Ainda assim, apesar de a crise ter revelado e reabastecido os desejos de
solidariedade nas comunidades americanas, esses desejos até agora permanecem
inexplorados. Pelo menos, é isso que a distância entre as atitudes e o
comportamento sugere. Solidariedade cívica é o que Albert Hirschman chamou de
"recurso moral", distinto de recurso material, que aumenta com o uso
e diminui com o desuso. Mudanças de atitude por si só, não importa o quão
promissoras sejam, não constituem renovação cívica.
Americanos
adultos que viveram um pouco antes e durante a Segunda Guerra Mundial foram
duradouramente moldados por aquela crise. Em toda sua vida, essa geração votou
mais, juntou-se mais e fez mais doações. Mas a chamada grande geração forjou
não apenas disposição e símbolos, por mais importantes que eles tenham sido;
mas também produziu grandes políticas nacionais e instituições (como o GI Bill)
e práticas pessoais centradas na comunidade (como unidades de reciclagem e os
jardins de vitória).
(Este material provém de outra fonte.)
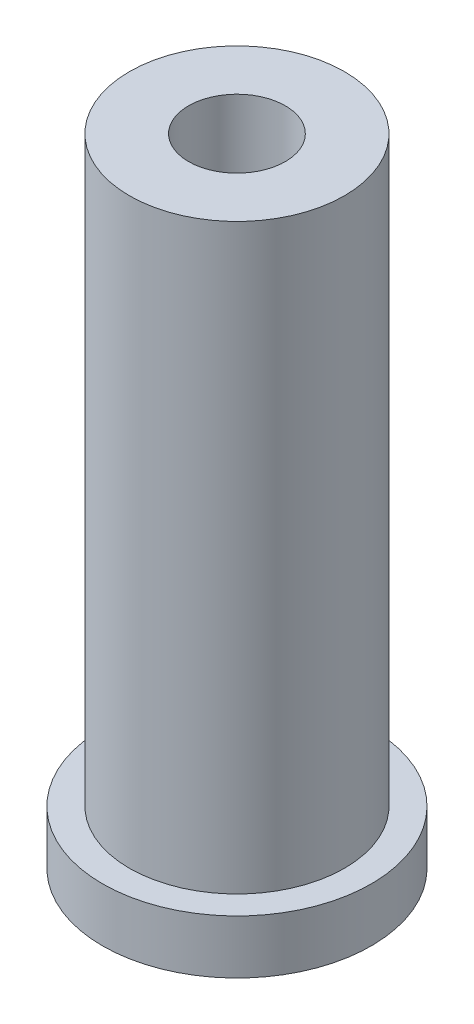
ISO-10303-21;
HEADER;
FILE_DESCRIPTION(('STEP AP214'),'2;1');
FILE_NAME('part.step','',(''),(''),'','','');
FILE_SCHEMA(('AUTOMOTIVE_DESIGN { 1 0 10303 214 1 1 1 1 }'));
ENDSEC;
DATA;
#1=APPLICATION_CONTEXT('core data for automotive mechanical design processes');
#2=APPLICATION_PROTOCOL_DEFINITION('international standard','automotive_design',2000,#1);
#3=PRODUCT_CONTEXT('',#1,'mechanical');
#4=PRODUCT('Part','Part','',(#3));
#5=PRODUCT_RELATED_PRODUCT_CATEGORY('part','',(#4));
#6=PRODUCT_DEFINITION_FORMATION('','',#4);
#7=PRODUCT_DEFINITION_CONTEXT('part definition',#1,'design');
#8=PRODUCT_DEFINITION('design','',#6,#7);
#9=PRODUCT_DEFINITION_SHAPE('','',#8);
#10=(LENGTH_UNIT() NAMED_UNIT(*) SI_UNIT(.MILLI.,.METRE.));
#11=(NAMED_UNIT(*) PLANE_ANGLE_UNIT() SI_UNIT($,.RADIAN.));
#12=(NAMED_UNIT(*) SI_UNIT($,.STERADIAN.) SOLID_ANGLE_UNIT());
#13=UNCERTAINTY_MEASURE_WITH_UNIT(LENGTH_MEASURE(1.E-05),#10,'distance_accuracy_value','');
#14=(GEOMETRIC_REPRESENTATION_CONTEXT(3) GLOBAL_UNCERTAINTY_ASSIGNED_CONTEXT((#13)) GLOBAL_UNIT_ASSIGNED_CONTEXT((#10,
#11,#12)) REPRESENTATION_CONTEXT('',''));
#15=CARTESIAN_POINT('',(0.,0.,0.));
#16=DIRECTION('',(0.,0.,1.));
#17=DIRECTION('',(1.,0.,0.));
#18=AXIS2_PLACEMENT_3D('',#15,#16,#17);
#19=CARTESIAN_POINT('',(0.,3.,0.));
#20=DIRECTION('',(0.,1.,0.));
#21=DIRECTION('',(0.,0.,1.));
#22=AXIS2_PLACEMENT_3D('',#19,#20,#21);
#23=PLANE('',#22);
#24=CARTESIAN_POINT('',(0.,3.,0.));
#25=DIRECTION('',(0.,1.,0.));
#26=DIRECTION('',(0.,0.,1.));
#27=AXIS2_PLACEMENT_3D('',#24,#25,#26);
#28=CIRCLE('',#27,6.);
#29=CARTESIAN_POINT('',(0.,3.,6.));
#30=VERTEX_POINT('',#29);
#31=EDGE_CURVE('E10',#30,#30,#28,.T.);
#32=ORIENTED_EDGE('',*,*,#31,.F.);
#33=EDGE_LOOP('',(#32));
#34=FACE_BOUND('',#33,.T.);
#35=CARTESIAN_POINT('',(0.,3.,0.));
#36=DIRECTION('',(0.,1.,0.));
#37=DIRECTION('',(0.,0.,1.));
#38=AXIS2_PLACEMENT_3D('',#35,#36,#37);
#39=CIRCLE('',#38,7.5);
#40=CARTESIAN_POINT('',(0.,3.,7.5));
#41=VERTEX_POINT('',#40);
#42=EDGE_CURVE('E45',#41,#41,#39,.T.);
#43=ORIENTED_EDGE('',*,*,#42,.T.);
#44=EDGE_LOOP('',(#43));
#45=FACE_BOUND('',#44,.T.);
#46=ADVANCED_FACE('F37',(#34,#45),#23,.T.);
#47=CARTESIAN_POINT('',(0.,0.,0.));
#48=DIRECTION('',(0.,1.,0.));
#49=DIRECTION('',(0.,0.,1.));
#50=AXIS2_PLACEMENT_3D('',#47,#48,#49);
#51=PLANE('',#50);
#52=CARTESIAN_POINT('',(0.,0.,0.));
#53=DIRECTION('',(0.,1.,0.));
#54=DIRECTION('',(0.,0.,1.));
#55=AXIS2_PLACEMENT_3D('',#52,#53,#54);
#56=CIRCLE('',#55,7.5);
#57=CARTESIAN_POINT('',(0.,0.,7.5));
#58=VERTEX_POINT('',#57);
#59=EDGE_CURVE('E50',#58,#58,#56,.T.);
#60=ORIENTED_EDGE('',*,*,#59,.F.);
#61=EDGE_LOOP('',(#60));
#62=FACE_BOUND('',#61,.T.);
#63=CARTESIAN_POINT('',(0.,0.,0.));
#64=DIRECTION('',(0.,1.,0.));
#65=DIRECTION('',(0.,0.,1.));
#66=AXIS2_PLACEMENT_3D('',#63,#64,#65);
#67=CIRCLE('',#66,2.7);
#68=CARTESIAN_POINT('',(0.,0.,2.7));
#69=VERTEX_POINT('',#68);
#70=EDGE_CURVE('E56',#69,#69,#67,.T.);
#71=ORIENTED_EDGE('',*,*,#70,.T.);
#72=EDGE_LOOP('',(#71));
#73=FACE_BOUND('',#72,.T.);
#74=ADVANCED_FACE('F82',(#62,#73),#51,.F.);
#75=CARTESIAN_POINT('',(0.,3.,0.));
#76=DIRECTION('',(0.,-1.,0.));
#77=DIRECTION('',(0.,0.,-1.));
#78=AXIS2_PLACEMENT_3D('',#75,#76,#77);
#79=CYLINDRICAL_SURFACE('',#78,7.5);
#80=ORIENTED_EDGE('',*,*,#42,.F.);
#81=EDGE_LOOP('',(#80));
#82=FACE_BOUND('',#81,.T.);
#83=ORIENTED_EDGE('',*,*,#59,.T.);
#84=EDGE_LOOP('',(#83));
#85=FACE_BOUND('',#84,.T.);
#86=ADVANCED_FACE('F39',(#82,#85),#79,.T.);
#87=CARTESIAN_POINT('',(0.,3.,0.));
#88=DIRECTION('',(0.,-1.,0.));
#89=DIRECTION('',(0.,0.,-1.));
#90=AXIS2_PLACEMENT_3D('',#87,#88,#89);
#91=CYLINDRICAL_SURFACE('',#90,2.7);
#92=CARTESIAN_POINT('',(0.,35.5,0.));
#93=DIRECTION('',(0.,1.,0.));
#94=DIRECTION('',(0.,0.,1.));
#95=AXIS2_PLACEMENT_3D('',#92,#93,#94);
#96=CIRCLE('',#95,2.7);
#97=CARTESIAN_POINT('',(0.,35.5,2.7));
#98=VERTEX_POINT('',#97);
#99=EDGE_CURVE('E61',#98,#98,#96,.T.);
#100=ORIENTED_EDGE('',*,*,#99,.T.);
#101=EDGE_LOOP('',(#100));
#102=FACE_BOUND('',#101,.T.);
#103=ORIENTED_EDGE('',*,*,#70,.F.);
#104=EDGE_LOOP('',(#103));
#105=FACE_BOUND('',#104,.T.);
#106=ADVANCED_FACE('F78',(#102,#105),#91,.F.);
#107=CARTESIAN_POINT('',(0.,35.5,0.));
#108=DIRECTION('',(0.,1.,0.));
#109=DIRECTION('',(0.,0.,1.));
#110=AXIS2_PLACEMENT_3D('',#107,#108,#109);
#111=PLANE('',#110);
#112=ORIENTED_EDGE('',*,*,#99,.F.);
#113=EDGE_LOOP('',(#112));
#114=FACE_BOUND('',#113,.T.);
#115=CARTESIAN_POINT('',(0.,35.5,0.));
#116=DIRECTION('',(0.,1.,0.));
#117=DIRECTION('',(0.,0.,1.));
#118=AXIS2_PLACEMENT_3D('',#115,#116,#117);
#119=CIRCLE('',#118,6.);
#120=CARTESIAN_POINT('',(0.,35.5,6.));
#121=VERTEX_POINT('',#120);
#122=EDGE_CURVE('E65',#121,#121,#119,.T.);
#123=ORIENTED_EDGE('',*,*,#122,.T.);
#124=EDGE_LOOP('',(#123));
#125=FACE_BOUND('',#124,.T.);
#126=ADVANCED_FACE('F70',(#114,#125),#111,.T.);
#127=CARTESIAN_POINT('',(0.,-13.9705627484771,0.));
#128=DIRECTION('',(0.,1.,0.));
#129=DIRECTION('',(0.,0.,1.));
#130=AXIS2_PLACEMENT_3D('',#127,#128,#129);
#131=CYLINDRICAL_SURFACE('',#130,6.);
#132=ORIENTED_EDGE('',*,*,#31,.T.);
#133=EDGE_LOOP('',(#132));
#134=FACE_BOUND('',#133,.T.);
#135=ORIENTED_EDGE('',*,*,#122,.F.);
#136=EDGE_LOOP('',(#135));
#137=FACE_BOUND('',#136,.T.);
#138=ADVANCED_FACE('F72',(#134,#137),#131,.T.);
#139=CLOSED_SHELL('',(#46,#74,#86,#106,#126,#138));
#140=MANIFOLD_SOLID_BREP('B2',#139);
#141=ADVANCED_BREP_SHAPE_REPRESENTATION('',(#18,#140),#14);
#142=SHAPE_DEFINITION_REPRESENTATION(#9,#141);
ENDSEC;
END-ISO-10303-21;

Até agora, porém, o novo clima da América manifestou-se em
grande parte por meio de próprias imagens dos ataques, por exemplo, na campanha
"Eu sou um americano", que poderosamente retrata nossa sociedade e
gestos multiculturais, como a visita do presidente a uma mesquita.
Imagens
importam. Que poderosa lição de cidadania inclusiva teria sido transmitida se
Franklin Delano Roosevelt tivesse visitado um santuário xintoísta em janeiro de
1942! Mas as imagens por si só não criam pontos de virada na história de uma
nação. Isso exige mudança institucionalizada. Para ajudar a promover uma nova
"grande geração," a administração Bush deveria endossar o projeto de
lei oferecido pelos senadores John McCain e Evan Bayh para quintuplicar o
financiamento destinado ao programa nacional de serviços da juventude do
AmeriCorps. E dado que os jovens americanos estão mais abertas à participação
política do que foram em muitos anos, os líderes educacionais e políticos deveriam
aproveitar este momento para incentivar o envolvimento dos jovens em movimentos
políticos e sociais. O movimento popular para restaurar a garantia da
fidelidade nas salas de aula americanas defende um fino simbolismo, mas o
momento é apropriado para também introduzir uma nova e mais ativista educação
cívica em nossas escolas .
Finalmente,
os ativistas devem reconhecer que a mobilização em tempo de guerra também pode
desencadear o progresso para a justiça social e integração racial, tanto quanto
as experiências da Segunda Guerra Mundial ajudaram a gerar o movimento dos
direitos civis da década de 1950. Os Americanos hoje, nossas pesquisas sugerem,
são mais abertos do que nunca para a ideia de que as pessoas de todas as
origens devem ser membros plenos da nossa comunidade nacional. Os progressistas
devem trabalhar para traduzir essa disposição nacional em iniciativas políticas
concretas que criem pontes étnicas e entre divisões de classe em nossa
sociedade cada vez mais multicultural.
[1]
Tradução livre da expressão americana "rally round the flag" que
implica em menor nível de critica às ações do presidente.